I do care about the model to be efficient, but in my case, I’m in the learning stage. once I know how it works on a small set dataset, i will start a medium project with a decent dataset.
[UPDATE]
I have done working on data, all files are ready for training
I’m following this HTML playbook from the beginning.
my dataset directory:
root@localhost:~/DeepSpeech/data# ls
alphabet.txt dev.tsv lm README.rst ted train.tsv
clips invalidated.tsv other.tsv smoke_test test.tsv validated.tsv
root@localhost:~/DeepSpeech/data#
when i run the import_cv2.py i get this error:
root@localhost:~/DeepSpeech# bin/import_cv2.py DeepSpeech/data
Traceback (most recent call last):
File "bin/import_cv2.py", line 15, in <module>
import progressbar
ImportError: No module named progressbar
root@localhost:~/DeepSpeech#
tried installing progressbar but the error remains:
root@localhost:~/DeepSpeech/data# apt install progressbar
Reading package lists... Done
Building dependency tree
Reading state information... Done
E: Unable to locate package progressbar
root@localhost:~/DeepSpeech/data#
It looks like you have not properly followed the playbook requirements on Docker.
cc @kathyreid
yes im not using docker, do i have to use docker? is it required to get this working?
Yes, please follow the playbook in a consistent manner.
ok i will do so, thank you for bieng so patient with me. i really apreciate it. will follow the docker way and give updates.
@Freegs_Box the PlayBook walks you through building a Docker image, and running a Docker container to do the training. Let me know if you get stuck!
honestly im new to docker, i really need help. im here on the PlayBook trying set up docker. but I didn’t get the meaning of this sentence [ Copy or extract them to the directory you specified in your bind mount .]
how to set up docker for DeepSeech project?
OK, first step, which directory did you use for your bind mount?
thas the problem, i dont know what it was meant by bind mount. is it the deepspeech directroy
OK, so this command for spinning up a Docker container from an image:
$ docker run -it \
--entrypoint /bin/bash \
--name deepspeech-training \
--gpus all \
--mount type=bind,source="$(pwd)"/deepspeech-data,target=/DeepSpeech/deepspeech-data \
7cdc0bb1fe2a
specifies a bind mount. This is a directory on your system that Docker can read from, and write to.

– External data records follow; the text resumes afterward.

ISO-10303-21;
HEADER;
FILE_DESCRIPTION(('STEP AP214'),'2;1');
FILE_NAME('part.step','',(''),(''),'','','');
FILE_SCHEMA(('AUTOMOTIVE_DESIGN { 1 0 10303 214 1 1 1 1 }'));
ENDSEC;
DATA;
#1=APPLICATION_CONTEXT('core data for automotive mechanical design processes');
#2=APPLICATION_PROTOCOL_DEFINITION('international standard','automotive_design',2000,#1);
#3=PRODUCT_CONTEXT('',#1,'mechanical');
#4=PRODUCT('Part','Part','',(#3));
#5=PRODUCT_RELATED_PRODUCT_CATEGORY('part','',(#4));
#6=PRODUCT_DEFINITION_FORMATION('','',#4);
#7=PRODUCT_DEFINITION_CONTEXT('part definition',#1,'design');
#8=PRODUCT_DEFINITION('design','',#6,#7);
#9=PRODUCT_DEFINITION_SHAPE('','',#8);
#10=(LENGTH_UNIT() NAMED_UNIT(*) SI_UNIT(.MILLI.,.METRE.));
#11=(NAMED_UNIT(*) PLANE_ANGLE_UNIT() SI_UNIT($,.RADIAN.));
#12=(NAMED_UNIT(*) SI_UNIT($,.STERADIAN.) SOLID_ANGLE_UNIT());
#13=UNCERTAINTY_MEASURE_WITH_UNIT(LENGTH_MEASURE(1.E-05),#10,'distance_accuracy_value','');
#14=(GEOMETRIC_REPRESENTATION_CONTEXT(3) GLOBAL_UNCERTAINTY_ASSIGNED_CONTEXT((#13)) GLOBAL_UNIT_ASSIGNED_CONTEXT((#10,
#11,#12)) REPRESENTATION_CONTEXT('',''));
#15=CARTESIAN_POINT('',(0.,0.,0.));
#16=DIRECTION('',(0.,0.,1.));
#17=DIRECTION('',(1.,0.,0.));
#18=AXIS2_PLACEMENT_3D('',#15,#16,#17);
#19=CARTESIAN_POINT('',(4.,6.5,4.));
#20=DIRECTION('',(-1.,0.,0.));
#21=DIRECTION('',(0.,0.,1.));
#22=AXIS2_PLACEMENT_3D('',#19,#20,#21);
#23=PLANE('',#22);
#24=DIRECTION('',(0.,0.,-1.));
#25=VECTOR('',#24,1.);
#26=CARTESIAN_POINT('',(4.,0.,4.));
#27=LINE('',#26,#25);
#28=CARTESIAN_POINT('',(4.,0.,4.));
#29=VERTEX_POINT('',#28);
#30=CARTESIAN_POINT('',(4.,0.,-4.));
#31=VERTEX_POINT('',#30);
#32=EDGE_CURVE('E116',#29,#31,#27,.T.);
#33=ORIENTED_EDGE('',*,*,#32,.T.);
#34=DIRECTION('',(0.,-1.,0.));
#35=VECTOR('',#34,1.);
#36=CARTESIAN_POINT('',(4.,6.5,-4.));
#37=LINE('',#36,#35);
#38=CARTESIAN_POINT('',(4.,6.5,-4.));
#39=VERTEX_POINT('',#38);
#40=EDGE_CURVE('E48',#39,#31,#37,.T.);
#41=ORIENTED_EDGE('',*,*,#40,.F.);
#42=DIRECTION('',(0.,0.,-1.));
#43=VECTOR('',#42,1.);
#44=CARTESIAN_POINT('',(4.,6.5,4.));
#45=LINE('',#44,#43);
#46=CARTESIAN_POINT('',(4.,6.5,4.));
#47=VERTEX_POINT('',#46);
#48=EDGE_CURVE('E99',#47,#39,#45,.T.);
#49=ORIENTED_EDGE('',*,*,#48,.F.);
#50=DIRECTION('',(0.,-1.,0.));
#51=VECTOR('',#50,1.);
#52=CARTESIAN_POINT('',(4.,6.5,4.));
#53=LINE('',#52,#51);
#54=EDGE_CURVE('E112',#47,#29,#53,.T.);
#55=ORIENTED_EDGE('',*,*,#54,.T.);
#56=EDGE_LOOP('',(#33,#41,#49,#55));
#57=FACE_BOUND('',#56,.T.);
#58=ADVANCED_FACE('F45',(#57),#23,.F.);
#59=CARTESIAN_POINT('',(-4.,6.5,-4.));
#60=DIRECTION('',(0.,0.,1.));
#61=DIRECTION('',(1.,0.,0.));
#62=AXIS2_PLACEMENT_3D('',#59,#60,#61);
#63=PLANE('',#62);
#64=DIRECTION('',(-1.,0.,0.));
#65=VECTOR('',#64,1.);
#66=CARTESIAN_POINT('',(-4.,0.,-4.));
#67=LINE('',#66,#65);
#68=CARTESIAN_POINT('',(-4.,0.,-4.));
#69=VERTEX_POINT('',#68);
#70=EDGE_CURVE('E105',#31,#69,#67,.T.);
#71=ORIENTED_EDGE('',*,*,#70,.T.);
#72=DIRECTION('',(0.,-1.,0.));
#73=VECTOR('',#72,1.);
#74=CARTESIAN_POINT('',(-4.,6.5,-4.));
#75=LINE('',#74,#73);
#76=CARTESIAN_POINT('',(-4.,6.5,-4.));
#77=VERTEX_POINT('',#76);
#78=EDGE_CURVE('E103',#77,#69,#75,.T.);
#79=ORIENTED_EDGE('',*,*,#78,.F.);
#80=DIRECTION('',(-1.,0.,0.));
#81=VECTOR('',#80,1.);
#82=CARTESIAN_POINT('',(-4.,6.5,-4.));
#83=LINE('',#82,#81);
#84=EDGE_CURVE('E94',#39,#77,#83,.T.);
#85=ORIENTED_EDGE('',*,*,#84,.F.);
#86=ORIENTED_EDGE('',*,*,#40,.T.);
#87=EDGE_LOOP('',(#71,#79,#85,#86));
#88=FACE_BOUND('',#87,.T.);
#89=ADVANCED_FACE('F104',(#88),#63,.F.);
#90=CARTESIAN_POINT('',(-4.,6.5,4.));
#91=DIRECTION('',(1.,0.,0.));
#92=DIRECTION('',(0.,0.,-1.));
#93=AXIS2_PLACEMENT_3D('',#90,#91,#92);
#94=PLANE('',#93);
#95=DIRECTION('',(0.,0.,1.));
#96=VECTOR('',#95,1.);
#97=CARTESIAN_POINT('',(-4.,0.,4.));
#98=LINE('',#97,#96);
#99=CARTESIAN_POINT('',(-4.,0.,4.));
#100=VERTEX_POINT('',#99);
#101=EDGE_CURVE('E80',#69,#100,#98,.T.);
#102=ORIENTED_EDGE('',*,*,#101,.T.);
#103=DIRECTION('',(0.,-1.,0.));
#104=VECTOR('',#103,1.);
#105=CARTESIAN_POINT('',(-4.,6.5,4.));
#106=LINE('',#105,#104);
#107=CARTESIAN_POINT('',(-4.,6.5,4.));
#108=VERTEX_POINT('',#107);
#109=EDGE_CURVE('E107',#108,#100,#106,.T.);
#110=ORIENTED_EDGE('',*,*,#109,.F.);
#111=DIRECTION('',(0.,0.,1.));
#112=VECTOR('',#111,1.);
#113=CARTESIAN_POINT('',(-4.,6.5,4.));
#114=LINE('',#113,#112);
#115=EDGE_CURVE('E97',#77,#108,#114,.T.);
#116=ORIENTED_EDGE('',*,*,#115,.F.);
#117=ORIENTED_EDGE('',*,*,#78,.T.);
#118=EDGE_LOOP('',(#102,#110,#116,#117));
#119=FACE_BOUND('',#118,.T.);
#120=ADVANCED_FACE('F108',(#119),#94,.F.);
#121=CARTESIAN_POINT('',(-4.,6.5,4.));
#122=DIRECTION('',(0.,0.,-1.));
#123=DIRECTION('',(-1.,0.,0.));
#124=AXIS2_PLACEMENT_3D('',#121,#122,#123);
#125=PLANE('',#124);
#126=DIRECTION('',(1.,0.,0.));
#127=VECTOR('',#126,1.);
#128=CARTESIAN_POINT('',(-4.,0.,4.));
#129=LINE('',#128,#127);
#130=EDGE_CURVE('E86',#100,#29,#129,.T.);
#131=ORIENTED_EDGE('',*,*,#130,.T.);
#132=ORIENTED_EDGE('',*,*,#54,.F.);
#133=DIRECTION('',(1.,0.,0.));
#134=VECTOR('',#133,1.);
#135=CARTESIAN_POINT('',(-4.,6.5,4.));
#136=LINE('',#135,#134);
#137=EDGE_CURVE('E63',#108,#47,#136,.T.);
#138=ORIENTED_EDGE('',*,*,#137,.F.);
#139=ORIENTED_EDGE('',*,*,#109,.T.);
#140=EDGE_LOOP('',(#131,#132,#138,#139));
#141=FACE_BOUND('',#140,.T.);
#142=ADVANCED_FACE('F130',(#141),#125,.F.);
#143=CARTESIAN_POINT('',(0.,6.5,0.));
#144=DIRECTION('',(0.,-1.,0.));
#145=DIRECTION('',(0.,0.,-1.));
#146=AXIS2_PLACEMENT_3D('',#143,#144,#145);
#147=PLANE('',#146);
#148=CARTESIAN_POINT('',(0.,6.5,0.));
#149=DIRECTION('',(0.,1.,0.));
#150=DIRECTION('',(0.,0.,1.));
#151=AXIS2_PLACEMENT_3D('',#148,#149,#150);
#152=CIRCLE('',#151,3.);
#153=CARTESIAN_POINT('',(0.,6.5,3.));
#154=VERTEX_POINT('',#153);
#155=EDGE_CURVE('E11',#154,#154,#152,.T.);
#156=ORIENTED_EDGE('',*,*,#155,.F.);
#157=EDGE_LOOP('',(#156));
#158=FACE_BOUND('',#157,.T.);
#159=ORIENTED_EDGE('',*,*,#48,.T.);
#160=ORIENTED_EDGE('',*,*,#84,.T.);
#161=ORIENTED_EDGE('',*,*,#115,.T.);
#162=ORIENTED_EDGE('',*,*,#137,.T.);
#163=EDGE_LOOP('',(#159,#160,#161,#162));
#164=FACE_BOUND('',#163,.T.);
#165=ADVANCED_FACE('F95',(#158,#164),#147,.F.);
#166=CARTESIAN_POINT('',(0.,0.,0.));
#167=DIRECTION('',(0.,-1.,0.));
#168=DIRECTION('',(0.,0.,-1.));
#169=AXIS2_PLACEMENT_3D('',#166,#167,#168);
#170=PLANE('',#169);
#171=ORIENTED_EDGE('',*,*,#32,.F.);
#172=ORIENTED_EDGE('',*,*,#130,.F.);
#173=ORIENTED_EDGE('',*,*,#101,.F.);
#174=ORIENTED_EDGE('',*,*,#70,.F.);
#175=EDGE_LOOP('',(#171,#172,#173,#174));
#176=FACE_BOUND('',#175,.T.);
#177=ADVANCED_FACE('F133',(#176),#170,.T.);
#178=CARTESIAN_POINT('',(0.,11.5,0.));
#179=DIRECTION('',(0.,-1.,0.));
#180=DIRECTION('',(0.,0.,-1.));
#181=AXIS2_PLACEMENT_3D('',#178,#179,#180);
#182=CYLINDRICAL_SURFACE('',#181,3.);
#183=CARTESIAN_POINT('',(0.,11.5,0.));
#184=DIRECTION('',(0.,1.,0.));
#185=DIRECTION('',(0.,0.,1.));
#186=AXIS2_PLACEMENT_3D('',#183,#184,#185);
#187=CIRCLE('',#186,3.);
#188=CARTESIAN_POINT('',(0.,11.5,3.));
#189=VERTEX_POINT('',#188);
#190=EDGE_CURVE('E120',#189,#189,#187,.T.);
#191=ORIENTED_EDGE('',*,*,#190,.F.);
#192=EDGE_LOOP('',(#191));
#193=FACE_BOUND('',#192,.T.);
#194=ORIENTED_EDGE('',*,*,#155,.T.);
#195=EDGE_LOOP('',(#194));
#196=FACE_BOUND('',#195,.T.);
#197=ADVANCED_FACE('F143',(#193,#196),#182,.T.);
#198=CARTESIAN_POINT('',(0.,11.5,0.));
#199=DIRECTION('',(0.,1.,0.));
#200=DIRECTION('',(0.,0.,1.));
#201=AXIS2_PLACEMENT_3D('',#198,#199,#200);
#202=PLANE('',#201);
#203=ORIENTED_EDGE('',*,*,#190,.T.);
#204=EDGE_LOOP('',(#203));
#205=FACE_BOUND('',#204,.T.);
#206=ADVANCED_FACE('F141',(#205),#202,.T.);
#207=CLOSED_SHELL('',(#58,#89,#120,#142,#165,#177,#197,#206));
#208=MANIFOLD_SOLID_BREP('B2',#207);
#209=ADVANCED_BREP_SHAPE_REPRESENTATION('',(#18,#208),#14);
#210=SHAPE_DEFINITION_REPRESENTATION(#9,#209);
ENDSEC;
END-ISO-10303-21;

Did you create a directory called deepspeech-data
on your system? If so, this is where you need to store the files for training so that DeepSpeech can access them from within the Docker container.
i went to the root directory and created a new folder and renamed it to deepspeech-data
Right, so the deepspeech-data
directory that you created is what is specified in the --bind-mount
parameter when spinning up a Docker container. It should be available within the Docker container from /DeepSpeech/deepspeech-data
.
Are you receiving an error message at all? Did you install Docker OK? And did you pull down the mozilla/deepspeech-train:latest
Docker image?
yes I have docker installed
docker 19.03.13 from Canonical✓ installed
as for DeepSpeech, I have installed it directly on my ubuntu system, it was for testing pre-trained English models and it was working well. is the docker version different?
do i need to install deepspeech inside docker container
when I run the above code that is what I get, but I think I’m not meeting all the requirements. and that is why the code doesnt work.
root@localhost:~# docker run -it \
> --entrypoint /bin/bash \
> --name deepspeech-training \
> --gpus all \
> --mount type=bind,source="$(pwd)"/deepspeech-data,target=/DeepSpeech/deepspeech-data \
> 7cdc0bb1fe2a
Unable to find image '7cdc0bb1fe2a:latest' locally
docker: Error response from daemon: pull access denied for 7cdc0bb1fe2a, repository does not exist or may require 'docker login': denied: requested access to the resource is denied.